De verschillende Huizen van het Kind uit de eerstelijnszone Westhoek, gaan in de toekomst veel intensiever samenwerken. Ze werden door de Vlaamse Regering als pilootproject geselecteerd en kunnen zo in de komende twee jaar op maar liefst 450.000 euro rekenen. ‘Samenwerking zit ons, Westhoekinwoners, in het bloed. Dat hebben we al vaker bewezen,’ zegt een tevreden Loes Vandromme, Vlaams Parlementslid en schepen in Poperinge die het dossier hielp verdedigen in Brussel. ‘De extra middelen vanuit Vlaanderen zien we als een noodzakelijk element om onze plannen verder uit te werken én als een erkenning voor onze vastberaden wil tot samenwerking. Door de krachten te bundelen komen we verder!’
Huizen van het Kind
Elke Vlaamse gemeente beschikt ondertussen over een (al dan niet fysiek) Huis van het Kind. ‘In deze huizen komen organisaties samen die gezinnen helpen met kinderopvang, gezondheidszorg, vrijetijdsaanbod, opvoedingsondersteuning, workshops rond opvoeding, infosessies en nog veel meer. Kortom ouders en kinderen kunnen er terecht voor alles rond opvoeden en opgroeien,’ vertelt Vlaams Parlementslid Loes Vandromme en tevens schepen van Huis van het Kind in Poperinge.
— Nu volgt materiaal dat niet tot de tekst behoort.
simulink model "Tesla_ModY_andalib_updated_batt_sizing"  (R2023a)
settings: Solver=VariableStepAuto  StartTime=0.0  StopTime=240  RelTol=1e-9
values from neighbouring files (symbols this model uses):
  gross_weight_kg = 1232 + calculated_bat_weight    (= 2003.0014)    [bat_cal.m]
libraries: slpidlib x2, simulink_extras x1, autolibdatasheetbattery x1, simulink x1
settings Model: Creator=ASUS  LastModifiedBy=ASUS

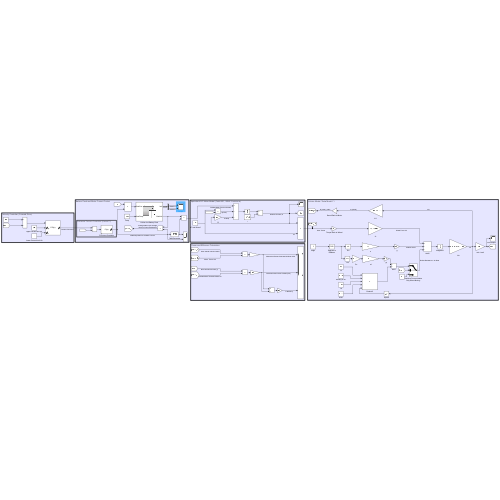
[thumbnail: Simulink's stored preview of the top-level diagram]
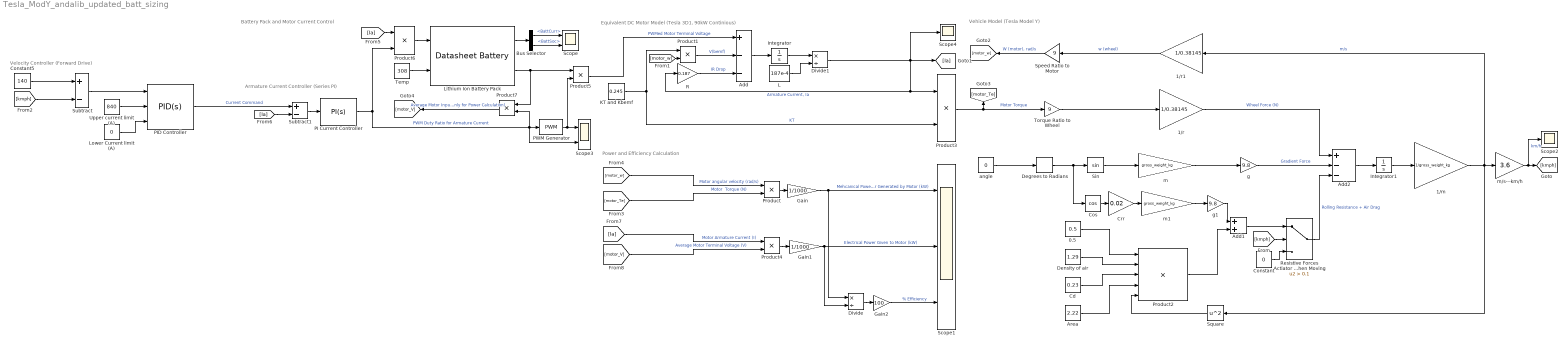
== system Tesla_ModY_andalib_updated_batt_sizing ==
  note: Power and Efficiency Calculation
  note: Velocity Controller (Forward Drive)
  note: Armature Current Controller (Series PI)
  note: Battery Pack and Motor Current Control
  note: Equivalent DC Motor Model (Tesla 3D1, 90kW Continious)
  note: Vehicle Model (Tesla Model Y)
  0.5 : Constant  Value=0.5
  1/m : Gain  Gain=1/gross_weight_kg
  1/r : Gain  Gain=1/0.38145
  1/r1 : Gain  Gain=1/0.38145
  Add : Sum  Inputs=+--
  Add1 : Sum
  Add2 : Sum  Inputs=+--
  Area : Constant  Value=2.22
  Bus Selector : BusSelector  OutputSignals=BattCurr,BattSoc
  Cd : Constant  Value=0.23
  Constant : Constant  Value=0
  Constant5 : Constant  Value=140
  Cos : Trigonometry  Operator=cos
  Crr : Gain  Gain=0.02
  Degrees to Radians : simulink_extras/Transformations/Degrees to Radians
  Density of air : Constant  Value=1.29
  Divide : Product  Inputs=*/
  Divide1 : Product  Inputs=*/
  Gain : Gain  Gain=1/1000
  Gain1 : Gain  Gain=1/1000
  Gain2 : Gain  Gain=100
  Integrator : Integrator
  Integrator1 : Integrator
  KT and Kbemf : Constant  Value=0.245
  L : Constant  Value=187e-4
  Lithium Ion Battery Pack : autolibdatasheetbattery/Datasheet Battery  CapacityCtrl=Parameter  OutputVlt=Unfiltered  BattChargeMax=cell_cap_Ah  Em=[2.8 3.228 3.284 3.361 3.408 3.427 3.472 3.477 3.493 3.504 3.516 3.528 3.537 3.545 3.555 3.561 3.566 3.576 3.587 3.589 3.594 3.6 3.608 3.61 3.616 3.619 3.626 3.632 3.637 3.64 3.645 3.646 3.652 3.655 3.658 3.661 3.664 3.668 3.673 3.678 3.68 3.681 3.686 3.692 3.699 3.702 3.705 3.71 3.717 3.723 3.728 3.733 3.735 3.742 3.749 3.755 3.761 3.768 3.773 3.78 3.791 3.798 3.798 3.814 3.818 3.825 3.841 3.846 3.855 3.863 3.877 3.885 3.894 3.907 3.919 3.926 3.935 3.944 3.954 3.964 3.974 3.988 3.998 4.014 4.029 4.034 4.047 4.065 4.074 4.086 4.097 4.131 4.126 4.138 4.15 4.18 4.174 4.187 4.207 4.231 4.221]  CapLUTBp=[0 0.01 0.02 0.03 0.04 0.05 0.06 0.07 0.08 0.09 0.1 0.11 0.12 0.13 0.14 0.15 0.16 0.17 0.18 0.19 0.2 0.21 0.22 0.23 0.24 0.25 0.26 0.27 0.28 0.29 0.3 0.31 0.32 0.33 0.34 0.35 0.36 0.37 0.38 0.39 0.4 0.41 0.42 0.43 0.44 0.45 0.46 0.47 0.48 0.49 0.5 0.51 0.52 0.53 0.54 0.55 0.56 0.57 0.58 0.59 0.6 0.61 0.62 0.63 0.64 0.65 0.66 0.67 0.68 0.69 0.7 0.71 0.72 0.73 0.74 0.75 0.76 0.77 0.78 0.79 0.8 0.81 0.82 0.83 0.84 0.85 0.86 0.87 0.88 0.89 0.9 0.91 0.92 0.93 0.94 0.95 0.96 0.97 0.98 0.99 1]  RInt=[0.008846 0.009319 0.009027 0.00847 0.01032 0.01314;0.006389 0.006554 0.005553 0.005525 0.006043 0.007805;0.004364 0.004101 0.00406 0.003452 0.003846 0.004517;0.002031 0.002563 0.002532 0.00246 0.002716 0.003047;0.001443 0.001825 0.001795 0.001778 0.001924 0.002234;0.0005603 0.0007192 0.0006887 0.0007557 0.0007355 0.001014;0.001028 0.001338 0.001 0.001536 0.001546 0.002789]  BattTempBp=[243.1 253.1 263.1 273.1 283.1 298.1 313.1]  CapSOCBp=[0 0.2 0.4 0.6 0.8 1]  Ns=96  Np=no_cells_parallel  BattCapInit=4.8  Tc=1/1000  Vinit=3.75*72  RefBlkName='autolibdatasheetbattery/Datasheet Battery'
  Lower Current limit (A) : Constant  Value=0
  PI Current Controller : slpidlib/PID Controller  Controller=PI  Form=Ideal  TimeDomain=Continuous-time  UseExternalTs=off  SampleTime=-1  IntegratorMethod=Forward Euler  FilterMethod=Forward Euler  ControllerParametersSource=internal  P=0.001  I=11.75  UseKiTs=off  D=0  N=100  UseFilter=on  TunerSelectOption=Transfer Function Based (PID Tuner App)  InitialConditionSource=internal  InitialConditionForIntegrator=0  InitialConditionForFilter=0  DifferentiatorICPrevScaledInput=0  ExternalReset=none  TrackingMode=off  Kt=1  LimitOutput=on  SatLimitsSource=internal  UpperSaturationLimit=1  LowerSaturationLimit=0  LinearizeAsGain=on  AntiWindupMode=clamping  Kb=1  LimitIntegrator=off  UpperIntegratorSaturationLimit=inf  LowerIntegratorSaturationLimit=-inf  RndMeth=Convergent  POutMin=[]  POutMax=[]  IOutMin=[]  IOutMax=[]  DOutMin=[]  DOutMax=[]  NOutMin=[]  NOutMax=[]  SumOutMin=[]  SumOutMax=[]  SaturationOutMin=[]  SaturationOutMax=[]  PParamMin=[]  PParamMax=[]  IParamMin=[]  IParamMax=[]  DParamMin=[]  DParamMax=[]  NParamMin=[]  NParamMax=[]  KbParamMin=[]  KbParamMax=[]  KtParamMin=[]  KtParamMax=[]  KbOutMin=[]  KbOutMax=[]  KtOutMin=[]  KtOutMax=[]  IntegratorOutMin=[]  IntegratorOutMax=[]  FilterOutMin=[]  FilterOutMax=[]  SumI1OutMin=[]  SumI1OutMax=[]  SumI2OutMin=[]  SumI2OutMax=[]  SumI3OutMin=[]  SumI3OutMax=[]  SumI4OutMin=[]  SumI4OutMax=[]  SumDOutMin=[]  SumDOutMax=[]  DifferentiatorOutMin=[]  DifferentiatorOutMax=[]  FilterDiffOutCoefMin=[]  FilterDiffOutCoefMax=[]  ReciprocalOutMin=[]  ReciprocalOutMax=[]  SumDenOutMin=[]  SumDenOutMax=[]  SumNumOutMin=[]  SumNumOutMax=[]  DivideOutMin=[]  DivideOutMax=[]  UdiffTsProdOutMin=[]  UdiffTsProdOutMax=[]  NTsProdOutMin=[]  NTsProdOutMax=[]  UintegralTsProdOutMin=[]  UintegralTsProdOutMax=[]  UngainTsProdOutMin=[]  UngainTsProdOutMax=[]  ClampingZeroOutDataTypeStr=Inherit: Inherit via back propagation  ClampingZeroOutMin=[]  ClampingZeroOutMax=[]  FilterDenConstantOutDataTypeStr=Inherit: Inherit via back propagation  FilterDenConstantOutMin=[]  FilterDenConstantOutMax=[]  PCopyOutDataTypeStr=Inherit: Inherit via back propagation  PCopyOutMin=[]  PCopyOutMax=[]  NCopyOutDataTypeStr=Inherit: Inherit via back propagation  NCopyOutMin=[]  NCopyOutMax=[]  IntegratorContinuousStateAttributes=''  IntegratorStateMustResolveToSignalObject=off  IntegratorRTWStateStorageClass=Auto  FilterContinuousStateAttributes=''  FilterStateMustResolveToSignalObject=off  FilterRTWStateStorageClass=Auto  ParallelPVariant=Passthrough  IdealPVariant=InternalParameters  IVariant=InternalParameters  DVariant=Disabled  IntegratorVariant=Continuous  SatVariant=Enabled  AWVariant=ContClampingIdeal  PCopyVariant=InternalParamsIdeal  TRVariant=Disabled  FdbkBlocksVariant=Forward  IdealPFdbkVariant=Disabled  SatFdbkVariant=Disabled  DerivativeFilterVariant=Disabled  NVariant=Disabled  NCopyVariant=Disabled_SignalSpec  FilterICVariant=Disabled  IntegratorICVariant=InternalICs  ExternalResetVariant=Disabled  TRSumVariant=Passthrough  SumFdbkVariant=Disabled  SumVariant=Sum_PI  TsampFilterVariant=InternalTs  TsampNgainVariant=Passthrough  TsampIntegralVariant=Disabled_SignalSpec  ExternalSaturationOutDataTypeStr=Inherit: Same as second input
  PID Controller : slpidlib/PID Controller  Controller=PID  Form=Parallel  TimeDomain=Continuous-time  UseExternalTs=off  SampleTime=-1  IntegratorMethod=Forward Euler  FilterMethod=Forward Euler  ControllerParametersSource=internal  P=100  I=10  UseKiTs=off  D=0  N=100  UseFilter=on  TunerSelectOption=Transfer Function Based (PID Tuner App)  InitialConditionSource=internal  InitialConditionForIntegrator=0  InitialConditionForFilter=0  DifferentiatorICPrevScaledInput=0  ExternalReset=none  TrackingMode=off  Kt=1  LimitOutput=on  SatLimitsSource=external  UpperSaturationLimit=1  LowerSaturationLimit=0  LinearizeAsGain=off  AntiWindupMode=clamping  Kb=1  LimitIntegrator=off  UpperIntegratorSaturationLimit=inf  LowerIntegratorSaturationLimit=-inf  POutMin=[]  POutMax=[]  IOutMin=[]  IOutMax=[]  DOutMin=[]  DOutMax=[]  NOutMin=[]  NOutMax=[]  SumOutMin=[]  SumOutMax=[]  SaturationOutMin=[]  SaturationOutMax=[]  PParamMin=[]  PParamMax=[]  IParamMin=[]  IParamMax=[]  DParamMin=[]  DParamMax=[]  NParamMin=[]  NParamMax=[]  KbParamMin=[]  KbParamMax=[]  KtParamMin=[]  KtParamMax=[]  KbOutMin=[]  KbOutMax=[]  KtOutMin=[]  KtOutMax=[]  IntegratorOutMin=[]  IntegratorOutMax=[]  FilterOutMin=[]  FilterOutMax=[]  SumI1OutMin=[]  SumI1OutMax=[]  SumI2OutMin=[]  SumI2OutMax=[]  SumI3OutMin=[]  SumI3OutMax=[]  SumI4OutMin=[]  SumI4OutMax=[]  SumDOutMin=[]  SumDOutMax=[]  DifferentiatorOutMin=[]  DifferentiatorOutMax=[]  FilterDiffOutCoefMin=[]  FilterDiffOutCoefMax=[]  ReciprocalOutMin=[]  ReciprocalOutMax=[]  SumDenOutMin=[]  SumDenOutMax=[]  SumNumOutMin=[]  SumNumOutMax=[]  DivideOutMin=[]  DivideOutMax=[]  UdiffTsProdOutMin=[]  UdiffTsProdOutMax=[]  NTsProdOutMin=[]  NTsProdOutMax=[]  UintegralTsProdOutMin=[]  UintegralTsProdOutMax=[]  UngainTsProdOutMin=[]  UngainTsProdOutMax=[]  ClampingZeroOutDataTypeStr=Inherit: Inherit via back propagation  ClampingZeroOutMin=[]  ClampingZeroOutMax=[]  FilterDenConstantOutDataTypeStr=Inherit: Inherit via back propagation  FilterDenConstantOutMin=[]  FilterDenConstantOutMax=[]  PCopyOutDataTypeStr=Inherit: Inherit via back propagation  PCopyOutMin=[]  PCopyOutMax=[]  NCopyOutDataTypeStr=Inherit: Inherit via back propagation  NCopyOutMin=[]  NCopyOutMax=[]  IntegratorContinuousStateAttributes=''  IntegratorStateMustResolveToSignalObject=off  IntegratorRTWStateStorageClass=Auto  FilterContinuousStateAttributes=''  FilterStateMustResolveToSignalObject=off  FilterRTWStateStorageClass=Auto  ParallelPVariant=InternalParameters  IdealPVariant=Disabled  IVariant=InternalParameters  DVariant=InternalParameters  IntegratorVariant=Continuous  SatVariant=External  AWVariant=ContClampingParallel  PCopyVariant=Disabled  TRVariant=Disabled  FdbkBlocksVariant=Forward  IdealPFdbkVariant=Disabled  SatFdbkVariant=Disabled  DerivativeFilterVariant=ContFilter  NVariant=InternalParameters  NCopyVariant=Disabled  FilterICVariant=InternalICsFilter  IntegratorICVariant=InternalICs  ExternalResetVariant=Disabled  TRSumVariant=Passthrough  SumFdbkVariant=Disabled  SumVariant=Sum_PID  TsampFilterVariant=InternalTs  TsampNgainVariant=Passthrough  TsampIntegralVariant=Disabled_SignalSpec  ExternalSaturationOutDataTypeStr=Inherit: Same as second input
  PWM Generator : simulink/Discontinuities/PWM  DisableCoverage=on  Period=1e-4  InitialDelay=0  DisallowZeroDutyCycle=off  RunAtFixedTimeIntervals=off  SampleTime=0.1
  Product{,1,3..7} (7 alike) : Product
  Product2 : Product  Inputs=5
  R : Gain  Gain=0.187
  "Resistive Forces Actiator Only When Moving " : Switch  Criteria=u2 > Threshold  Threshold=0.1  SaturateOnIntegerOverflow=off  InputSameDT=off
  Scope : Scope  NumInputPorts=2
  Scope1 : Scope  NumInputPorts=3
  Scope2 : Scope
  Scope3 : Scope  NumInputPorts=2
  Scope4 : Scope
  Sin : Trigonometry
  Speed Ratio to Motor : Gain  Gain=9
  Square : Math  Operator=square
  Subtract : Sum  Inputs=+-
  Subtract1 : Sum  Inputs=+-
  Temp : Constant  Value=308
  Torque Ratio to Wheel : Gain  Gain=9
  Upper current limit (A) : Constant  Value=840
  angle : Constant  Value=0
  g : Gain  Gain=9.8
  g1 : Gain  Gain=9.8
  m : Gain  Gain=gross_weight_kg
  m/s---km/h : Gain  Gain=3.6
  m1 : Gain  Gain=gross_weight_kg
  wires:
  Divide1/1 -> Scope4/1, [Ia], Product3/1, R/1  "Armature Current, Ia"
  R/1 -> Add/3  "IR Drop"
  Add/1 -> Integrator/1
  KT and Kbemf/1 -> Product3/2, Product1/1  "KT"
  g/1 -> Add2/2  "Gradient Force"
  angle/1 -> Degrees to Radians/1
  1/m/1 -> m/s---km/h/1, 1/r1/1, Square/1  "m/s"
  Integrator1/1 -> 1/m/1
  Density of air/1 -> Product2/2
  0.5/1 -> Product2/1
  Degrees to Radians/1 -> Sin/1, Cos/1
  Cd/1 -> Product2/3
  Area/1 -> Product2/4
  Square/1 -> Product2/5
  m/s---km/h/1 -> [kmph], Scope2/1  "km/h"
  Cos/1 -> Crr/1
  Torque Ratio to Wheel/1 -> 1/r/1
  1/r/1 -> Add2/1  "Wheel Force (N)"
  Add2/1 -> Integrator1/1
  Product3/1 -> Torque Ratio to Wheel/1, [motor_Te]  "Motor Torque"
  1/r1/1 -> Speed Ratio to Motor/1  "w (wheel)"
  Subtract/1 -> PID Controller/1
  Constant5/1 -> Subtract/1
  Subtract1/1 -> PI Current Controller/1
  Lower Current limit (A)/1 -> PID Controller/3
  Upper current limit (A)/1 -> PID Controller/2
  Sin/1 -> m/1
  m/1 -> g/1
  Crr/1 -> m1/1
  m1/1 -> g1/1
  g1/1 -> Add1/1
  Product2/1 -> Add1/2
  "Resistive Forces Actiator Only When Moving "/1 -> Add2/3  "Rolling Resistance + Air Drag"
  [kmph] -> "Resistive Forces Actiator Only When Moving "/2
  Add1/1 -> "Resistive Forces Actiator Only When Moving "/1
  Constant/1 -> "Resistive Forces Actiator Only When Moving "/3
  Speed Ratio to Motor/1 -> [motor_w]  "W (motor), rad/s"
  [motor_w] -> Product1/2
  Temp/1 -> Lithium Ion Battery Pack/2
  PI Current Controller/1 -> Product6/2, Scope3/2, PWM Generator/1, Product7/2  "PWM Duty Ratio for Armature Current"
  [Ia] -> Product6/1
  [Ia] -> Subtract1/2
  Lithium Ion Battery Pack/1 -> Bus Selector/1
  Bus Selector/1 -> Scope/1  "<BattCurr>"
  Bus Selector/2 -> Scope/2  "<BattSoc>"
  PID Controller/1 -> Subtract1/1  "Current Command"
  Product1/1 -> Add/2  "V(bemf)"
  [kmph] -> Subtract/2
  L/1 -> Divide1/2
  Integrator/1 -> Divide1/1
  Product6/1 -> Lithium Ion Battery Pack/1
  Lithium Ion Battery Pack/2 -> Product5/1, Product7/1
  Product5/1 -> Add/1  "PWMed Motor Terminal Voltage"
  PWM Generator/1 -> Product5/2, Scope3/1
  [motor_w] -> Product/1  "Motor angular velocity (rad/s)"
  [motor_Te] -> Product/2  "Motor  Torque (N)"
  Product/1 -> Gain/1
  Gain/1 -> Scope1/1, Divide/1  "Mehcanical Power Generated by Motor (kW)"
  [Ia] -> Product4/1  "Motor Armature Current (I)"
  [motor_V] -> Product4/2  "Average Motor Terminal Voltage (V)"
  Product4/1 -> Gain1/1
  Gain1/1 -> Scope1/2, Divide/2  "Electrical Power Given to Motor (kW)"
  Divide/1 -> Gain2/1
  Gain2/1 -> Scope1/3  "% Efficiency"
  Product7/1 -> [motor_V]  "Average Motor Input Voltage (Only for Power Calculation)"

Nu willen de verschillende Huizen van het Kind in de eerstelijnszone Westhoek een niveau hoger schakelen door, over de gemeentegrenzen heen, intensief te gaan samenwerken. De projectaanvraag werd door minister voor Welzijn, Hilde Crevits weerhouden om als één van de zes pilootprojecten in Vlaanderen in september 2024 van start te kunnen gaan.
Concreet gaan de Huizen van Poperinge, Vleteren, Mesen, Heuvelland, Houthulst, Lo-Reninge, Langemark-Poelkapelle, Zonnebeke en Ieper een samenwerkingsverband aan. De aparte werkingen worden geïntegreerd in één Huis van het Kind Westhoek. In de komende twee jaar wordt een sterk netwerk gevormd, samen met de verschillende partners die betrokken zijn bij de doelgroep van ouders met kinderen. Binnen dat netwerk worden kennis en expertise gedeeld om complexe vragen te beantwoorden en wordt er ook gewerkt aan een duidelijk overzicht waar netwerkpartners hun aanbod kenbaar kunnen maken.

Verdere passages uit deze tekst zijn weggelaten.